(Dataset records Opens)

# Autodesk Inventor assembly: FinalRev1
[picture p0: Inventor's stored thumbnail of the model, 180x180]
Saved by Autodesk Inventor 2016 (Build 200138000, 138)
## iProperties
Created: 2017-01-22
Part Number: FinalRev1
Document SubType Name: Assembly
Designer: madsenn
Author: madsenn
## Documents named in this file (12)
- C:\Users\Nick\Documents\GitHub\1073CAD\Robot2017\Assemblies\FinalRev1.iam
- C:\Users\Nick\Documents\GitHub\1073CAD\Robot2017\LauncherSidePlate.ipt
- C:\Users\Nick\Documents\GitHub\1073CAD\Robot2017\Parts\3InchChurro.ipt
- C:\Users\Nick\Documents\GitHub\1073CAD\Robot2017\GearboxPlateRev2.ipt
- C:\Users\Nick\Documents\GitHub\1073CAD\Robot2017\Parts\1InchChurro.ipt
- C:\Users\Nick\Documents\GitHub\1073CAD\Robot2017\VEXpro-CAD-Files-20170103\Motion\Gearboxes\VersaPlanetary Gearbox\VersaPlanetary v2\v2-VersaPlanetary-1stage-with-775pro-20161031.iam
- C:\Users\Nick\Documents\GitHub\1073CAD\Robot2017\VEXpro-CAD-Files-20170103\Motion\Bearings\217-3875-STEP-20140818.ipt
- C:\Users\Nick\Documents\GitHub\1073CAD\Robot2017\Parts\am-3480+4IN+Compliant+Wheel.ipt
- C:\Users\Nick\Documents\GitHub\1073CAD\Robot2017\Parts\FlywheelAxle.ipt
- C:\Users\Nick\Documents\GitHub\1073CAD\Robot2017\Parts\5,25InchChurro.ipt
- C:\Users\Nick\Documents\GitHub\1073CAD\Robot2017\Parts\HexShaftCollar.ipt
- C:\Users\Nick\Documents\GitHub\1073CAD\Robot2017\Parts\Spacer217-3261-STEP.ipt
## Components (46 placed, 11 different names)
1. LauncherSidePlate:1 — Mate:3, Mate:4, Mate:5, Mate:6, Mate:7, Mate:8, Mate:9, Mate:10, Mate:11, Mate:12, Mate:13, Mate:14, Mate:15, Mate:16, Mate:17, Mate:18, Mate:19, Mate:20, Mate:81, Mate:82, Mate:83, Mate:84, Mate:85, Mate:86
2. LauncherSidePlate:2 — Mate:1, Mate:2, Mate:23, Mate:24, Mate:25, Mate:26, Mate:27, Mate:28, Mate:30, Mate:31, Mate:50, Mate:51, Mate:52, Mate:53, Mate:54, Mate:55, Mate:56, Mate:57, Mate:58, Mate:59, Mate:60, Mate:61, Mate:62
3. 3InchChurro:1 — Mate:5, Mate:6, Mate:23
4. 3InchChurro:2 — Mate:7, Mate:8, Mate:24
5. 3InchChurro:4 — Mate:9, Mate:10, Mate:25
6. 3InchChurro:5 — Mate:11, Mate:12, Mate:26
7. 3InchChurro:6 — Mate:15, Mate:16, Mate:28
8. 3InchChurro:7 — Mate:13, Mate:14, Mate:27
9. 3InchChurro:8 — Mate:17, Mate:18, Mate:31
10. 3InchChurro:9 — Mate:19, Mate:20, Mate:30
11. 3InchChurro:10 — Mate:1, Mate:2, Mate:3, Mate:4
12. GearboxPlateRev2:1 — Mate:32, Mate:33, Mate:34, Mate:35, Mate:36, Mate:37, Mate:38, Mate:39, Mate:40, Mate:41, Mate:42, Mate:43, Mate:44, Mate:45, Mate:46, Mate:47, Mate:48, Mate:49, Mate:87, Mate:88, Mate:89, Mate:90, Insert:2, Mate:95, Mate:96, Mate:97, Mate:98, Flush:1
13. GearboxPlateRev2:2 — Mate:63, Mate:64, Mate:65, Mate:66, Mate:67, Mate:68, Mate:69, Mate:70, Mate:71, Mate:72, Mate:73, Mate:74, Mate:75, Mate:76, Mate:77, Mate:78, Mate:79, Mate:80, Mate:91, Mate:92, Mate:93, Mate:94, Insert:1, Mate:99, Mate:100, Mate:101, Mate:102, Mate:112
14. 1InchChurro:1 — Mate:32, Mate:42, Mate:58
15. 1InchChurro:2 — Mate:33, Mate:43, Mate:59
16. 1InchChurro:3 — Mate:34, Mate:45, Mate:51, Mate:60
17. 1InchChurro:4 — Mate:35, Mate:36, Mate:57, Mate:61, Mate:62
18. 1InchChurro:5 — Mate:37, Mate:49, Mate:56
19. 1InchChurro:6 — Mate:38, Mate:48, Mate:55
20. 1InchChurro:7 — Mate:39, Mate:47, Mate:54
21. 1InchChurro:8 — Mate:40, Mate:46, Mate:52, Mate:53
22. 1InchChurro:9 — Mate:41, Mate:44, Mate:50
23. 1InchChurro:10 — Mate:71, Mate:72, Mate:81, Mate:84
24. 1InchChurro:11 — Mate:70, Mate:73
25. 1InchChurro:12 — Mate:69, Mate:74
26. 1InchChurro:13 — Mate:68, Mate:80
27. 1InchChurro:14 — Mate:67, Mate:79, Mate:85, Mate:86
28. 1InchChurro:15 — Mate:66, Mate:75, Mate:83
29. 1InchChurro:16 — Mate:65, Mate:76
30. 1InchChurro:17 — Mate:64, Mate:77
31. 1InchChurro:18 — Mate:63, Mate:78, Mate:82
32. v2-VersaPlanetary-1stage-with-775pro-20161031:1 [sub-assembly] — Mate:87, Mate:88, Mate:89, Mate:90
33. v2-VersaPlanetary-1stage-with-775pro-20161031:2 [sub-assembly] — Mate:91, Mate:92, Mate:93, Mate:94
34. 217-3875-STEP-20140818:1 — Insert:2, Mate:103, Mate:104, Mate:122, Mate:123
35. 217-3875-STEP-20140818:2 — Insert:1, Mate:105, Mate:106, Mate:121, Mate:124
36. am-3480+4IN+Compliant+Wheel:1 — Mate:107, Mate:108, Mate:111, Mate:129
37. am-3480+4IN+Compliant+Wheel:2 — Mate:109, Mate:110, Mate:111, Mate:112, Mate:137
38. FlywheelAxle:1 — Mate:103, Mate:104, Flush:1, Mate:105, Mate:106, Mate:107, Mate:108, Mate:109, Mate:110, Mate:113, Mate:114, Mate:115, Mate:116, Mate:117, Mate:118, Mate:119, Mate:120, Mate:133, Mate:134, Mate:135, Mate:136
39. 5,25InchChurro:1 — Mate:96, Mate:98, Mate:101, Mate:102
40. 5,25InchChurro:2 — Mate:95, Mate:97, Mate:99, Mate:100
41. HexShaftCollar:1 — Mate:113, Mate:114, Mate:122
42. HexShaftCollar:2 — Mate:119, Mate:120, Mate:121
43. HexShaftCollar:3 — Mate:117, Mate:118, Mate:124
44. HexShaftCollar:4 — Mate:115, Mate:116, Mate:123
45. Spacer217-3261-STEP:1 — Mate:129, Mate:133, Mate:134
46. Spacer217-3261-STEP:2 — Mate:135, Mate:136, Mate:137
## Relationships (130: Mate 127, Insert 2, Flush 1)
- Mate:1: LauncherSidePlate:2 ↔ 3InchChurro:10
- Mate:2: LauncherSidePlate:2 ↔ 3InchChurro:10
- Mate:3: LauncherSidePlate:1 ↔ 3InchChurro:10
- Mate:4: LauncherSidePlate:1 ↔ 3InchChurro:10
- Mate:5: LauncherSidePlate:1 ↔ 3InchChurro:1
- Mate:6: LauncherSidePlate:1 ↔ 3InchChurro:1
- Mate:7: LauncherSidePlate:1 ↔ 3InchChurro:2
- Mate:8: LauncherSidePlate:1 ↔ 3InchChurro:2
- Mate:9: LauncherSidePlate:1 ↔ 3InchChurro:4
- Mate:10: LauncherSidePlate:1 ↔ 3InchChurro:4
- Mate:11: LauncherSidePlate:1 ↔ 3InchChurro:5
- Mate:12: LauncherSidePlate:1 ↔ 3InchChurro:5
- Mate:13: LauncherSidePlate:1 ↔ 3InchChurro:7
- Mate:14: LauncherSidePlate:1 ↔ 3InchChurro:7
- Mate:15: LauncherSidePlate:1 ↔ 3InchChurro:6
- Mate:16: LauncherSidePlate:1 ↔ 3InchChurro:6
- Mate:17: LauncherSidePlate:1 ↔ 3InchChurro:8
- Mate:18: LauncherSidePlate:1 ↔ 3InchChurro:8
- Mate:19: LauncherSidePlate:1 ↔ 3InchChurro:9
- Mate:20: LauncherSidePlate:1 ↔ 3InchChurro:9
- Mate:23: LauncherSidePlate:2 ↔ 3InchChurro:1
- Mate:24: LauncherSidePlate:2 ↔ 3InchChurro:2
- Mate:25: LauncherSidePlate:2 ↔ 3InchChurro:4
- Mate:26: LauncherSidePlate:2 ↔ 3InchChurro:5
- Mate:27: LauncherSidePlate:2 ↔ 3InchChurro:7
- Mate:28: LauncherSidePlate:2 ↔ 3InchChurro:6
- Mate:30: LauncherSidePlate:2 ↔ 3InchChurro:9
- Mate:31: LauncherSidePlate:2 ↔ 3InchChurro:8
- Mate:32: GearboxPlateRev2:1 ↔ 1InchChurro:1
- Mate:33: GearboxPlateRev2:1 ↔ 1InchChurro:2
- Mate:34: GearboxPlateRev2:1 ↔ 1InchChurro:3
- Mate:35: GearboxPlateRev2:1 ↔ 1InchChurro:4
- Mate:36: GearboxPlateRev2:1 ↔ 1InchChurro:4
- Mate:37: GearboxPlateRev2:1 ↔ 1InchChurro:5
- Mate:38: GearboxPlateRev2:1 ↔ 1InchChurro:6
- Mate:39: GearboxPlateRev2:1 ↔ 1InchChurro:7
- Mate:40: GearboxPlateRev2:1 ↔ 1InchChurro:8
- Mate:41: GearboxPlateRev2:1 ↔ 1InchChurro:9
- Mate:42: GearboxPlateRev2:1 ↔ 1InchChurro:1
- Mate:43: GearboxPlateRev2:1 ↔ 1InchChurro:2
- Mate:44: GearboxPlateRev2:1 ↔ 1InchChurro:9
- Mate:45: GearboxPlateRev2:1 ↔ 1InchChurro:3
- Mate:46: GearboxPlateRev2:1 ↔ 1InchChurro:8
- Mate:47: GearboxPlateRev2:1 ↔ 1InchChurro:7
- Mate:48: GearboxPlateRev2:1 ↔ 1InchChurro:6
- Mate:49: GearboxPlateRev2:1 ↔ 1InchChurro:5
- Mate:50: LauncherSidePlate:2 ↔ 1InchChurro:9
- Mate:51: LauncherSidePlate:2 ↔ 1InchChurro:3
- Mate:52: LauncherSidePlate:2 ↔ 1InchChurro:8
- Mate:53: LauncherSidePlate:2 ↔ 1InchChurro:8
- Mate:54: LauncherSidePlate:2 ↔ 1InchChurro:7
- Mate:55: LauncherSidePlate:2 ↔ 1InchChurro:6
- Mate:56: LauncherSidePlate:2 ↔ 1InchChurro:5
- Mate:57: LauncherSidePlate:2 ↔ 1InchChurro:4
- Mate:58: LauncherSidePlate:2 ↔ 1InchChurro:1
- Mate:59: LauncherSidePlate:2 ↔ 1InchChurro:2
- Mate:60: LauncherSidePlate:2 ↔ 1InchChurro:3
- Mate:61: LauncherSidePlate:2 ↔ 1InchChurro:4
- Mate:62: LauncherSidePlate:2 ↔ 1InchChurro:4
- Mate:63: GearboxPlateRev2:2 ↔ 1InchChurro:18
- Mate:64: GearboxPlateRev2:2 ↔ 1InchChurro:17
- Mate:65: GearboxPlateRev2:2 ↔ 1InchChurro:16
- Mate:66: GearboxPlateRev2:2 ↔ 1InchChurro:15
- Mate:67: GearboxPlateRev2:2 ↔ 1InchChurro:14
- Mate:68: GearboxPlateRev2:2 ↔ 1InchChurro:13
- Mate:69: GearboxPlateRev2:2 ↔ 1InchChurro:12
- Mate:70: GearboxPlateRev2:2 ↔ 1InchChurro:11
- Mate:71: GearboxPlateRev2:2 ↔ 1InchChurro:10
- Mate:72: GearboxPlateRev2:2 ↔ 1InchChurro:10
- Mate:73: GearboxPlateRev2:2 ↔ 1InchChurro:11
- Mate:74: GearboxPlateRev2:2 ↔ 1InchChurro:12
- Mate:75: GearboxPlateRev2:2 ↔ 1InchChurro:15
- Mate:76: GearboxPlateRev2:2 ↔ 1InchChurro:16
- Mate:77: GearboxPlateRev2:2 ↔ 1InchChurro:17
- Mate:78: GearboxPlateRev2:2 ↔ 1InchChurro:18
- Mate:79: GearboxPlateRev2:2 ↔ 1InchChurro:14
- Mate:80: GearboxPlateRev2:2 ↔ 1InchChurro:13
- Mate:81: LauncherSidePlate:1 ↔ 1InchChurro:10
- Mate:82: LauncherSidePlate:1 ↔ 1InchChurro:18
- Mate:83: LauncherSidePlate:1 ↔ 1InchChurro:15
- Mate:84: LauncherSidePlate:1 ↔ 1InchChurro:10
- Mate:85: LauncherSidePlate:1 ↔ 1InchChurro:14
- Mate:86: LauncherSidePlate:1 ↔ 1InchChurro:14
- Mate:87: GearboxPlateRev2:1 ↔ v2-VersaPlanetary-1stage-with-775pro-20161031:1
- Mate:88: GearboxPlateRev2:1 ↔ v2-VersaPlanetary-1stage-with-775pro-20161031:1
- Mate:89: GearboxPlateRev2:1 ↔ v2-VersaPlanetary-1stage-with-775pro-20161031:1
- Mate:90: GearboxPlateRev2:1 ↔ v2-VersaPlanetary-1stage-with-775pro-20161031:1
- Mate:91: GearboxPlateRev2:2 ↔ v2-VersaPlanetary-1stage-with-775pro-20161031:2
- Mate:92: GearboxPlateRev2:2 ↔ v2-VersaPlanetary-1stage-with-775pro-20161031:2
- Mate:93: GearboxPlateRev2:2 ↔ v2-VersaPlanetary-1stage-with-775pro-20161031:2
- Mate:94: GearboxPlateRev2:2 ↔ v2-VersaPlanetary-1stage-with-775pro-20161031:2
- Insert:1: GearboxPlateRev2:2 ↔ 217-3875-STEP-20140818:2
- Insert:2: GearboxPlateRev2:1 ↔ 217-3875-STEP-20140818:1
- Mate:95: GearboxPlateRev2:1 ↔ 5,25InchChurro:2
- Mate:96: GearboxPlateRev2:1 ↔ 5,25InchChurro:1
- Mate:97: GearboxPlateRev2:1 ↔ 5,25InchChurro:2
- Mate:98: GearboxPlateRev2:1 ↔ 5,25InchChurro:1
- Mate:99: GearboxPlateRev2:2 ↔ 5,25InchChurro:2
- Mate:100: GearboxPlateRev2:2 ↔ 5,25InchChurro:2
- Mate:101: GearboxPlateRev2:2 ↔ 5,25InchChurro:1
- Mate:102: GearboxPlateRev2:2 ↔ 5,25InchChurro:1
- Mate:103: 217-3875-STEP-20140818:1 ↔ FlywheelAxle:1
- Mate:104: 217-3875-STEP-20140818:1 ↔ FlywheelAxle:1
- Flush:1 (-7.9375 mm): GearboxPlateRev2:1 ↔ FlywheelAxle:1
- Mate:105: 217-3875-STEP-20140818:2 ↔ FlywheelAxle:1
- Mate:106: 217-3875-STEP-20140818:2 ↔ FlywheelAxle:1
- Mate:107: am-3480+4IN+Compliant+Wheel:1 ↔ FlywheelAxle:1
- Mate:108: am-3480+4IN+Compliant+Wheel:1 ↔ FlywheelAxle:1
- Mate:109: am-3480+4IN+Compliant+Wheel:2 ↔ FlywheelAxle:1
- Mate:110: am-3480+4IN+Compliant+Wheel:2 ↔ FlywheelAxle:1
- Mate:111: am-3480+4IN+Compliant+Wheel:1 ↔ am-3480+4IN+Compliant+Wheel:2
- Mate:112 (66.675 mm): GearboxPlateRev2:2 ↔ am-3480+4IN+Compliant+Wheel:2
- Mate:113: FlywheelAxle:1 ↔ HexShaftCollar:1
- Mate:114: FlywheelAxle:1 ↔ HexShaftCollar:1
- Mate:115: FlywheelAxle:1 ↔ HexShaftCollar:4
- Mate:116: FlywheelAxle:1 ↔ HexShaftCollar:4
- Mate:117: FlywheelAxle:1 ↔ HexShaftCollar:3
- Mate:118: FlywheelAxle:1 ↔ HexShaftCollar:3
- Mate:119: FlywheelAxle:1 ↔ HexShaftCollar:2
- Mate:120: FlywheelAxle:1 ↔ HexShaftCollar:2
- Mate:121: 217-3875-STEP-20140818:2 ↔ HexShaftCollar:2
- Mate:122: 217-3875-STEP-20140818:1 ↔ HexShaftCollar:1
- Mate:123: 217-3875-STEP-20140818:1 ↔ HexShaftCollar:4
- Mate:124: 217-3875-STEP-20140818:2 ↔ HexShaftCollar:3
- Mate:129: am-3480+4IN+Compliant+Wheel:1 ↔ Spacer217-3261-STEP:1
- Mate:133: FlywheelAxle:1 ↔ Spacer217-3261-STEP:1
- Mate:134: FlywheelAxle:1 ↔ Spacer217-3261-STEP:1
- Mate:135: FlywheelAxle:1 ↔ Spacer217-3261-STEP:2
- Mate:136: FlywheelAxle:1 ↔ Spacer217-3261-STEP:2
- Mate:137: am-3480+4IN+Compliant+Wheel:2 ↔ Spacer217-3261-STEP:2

(Dataset records Closes)

- _What you need to do_
Write out every line of the entries that holds the word "VEXpro".

- _Result_
- C:\Users\Nick\Documents\GitHub\1073CAD\Robot2017\VEXpro-CAD-Files-20170103\Motion\Gearboxes\VersaPlanetary Gearbox\VersaPlanetary v2\v2-VersaPlanetary-1stage-with-775pro-20161031.iam
- C:\Users\Nick\Documents\GitHub\1073CAD\Robot2017\VEXpro-CAD-Files-20170103\Motion\Bearings\217-3875-STEP-20140818.ipt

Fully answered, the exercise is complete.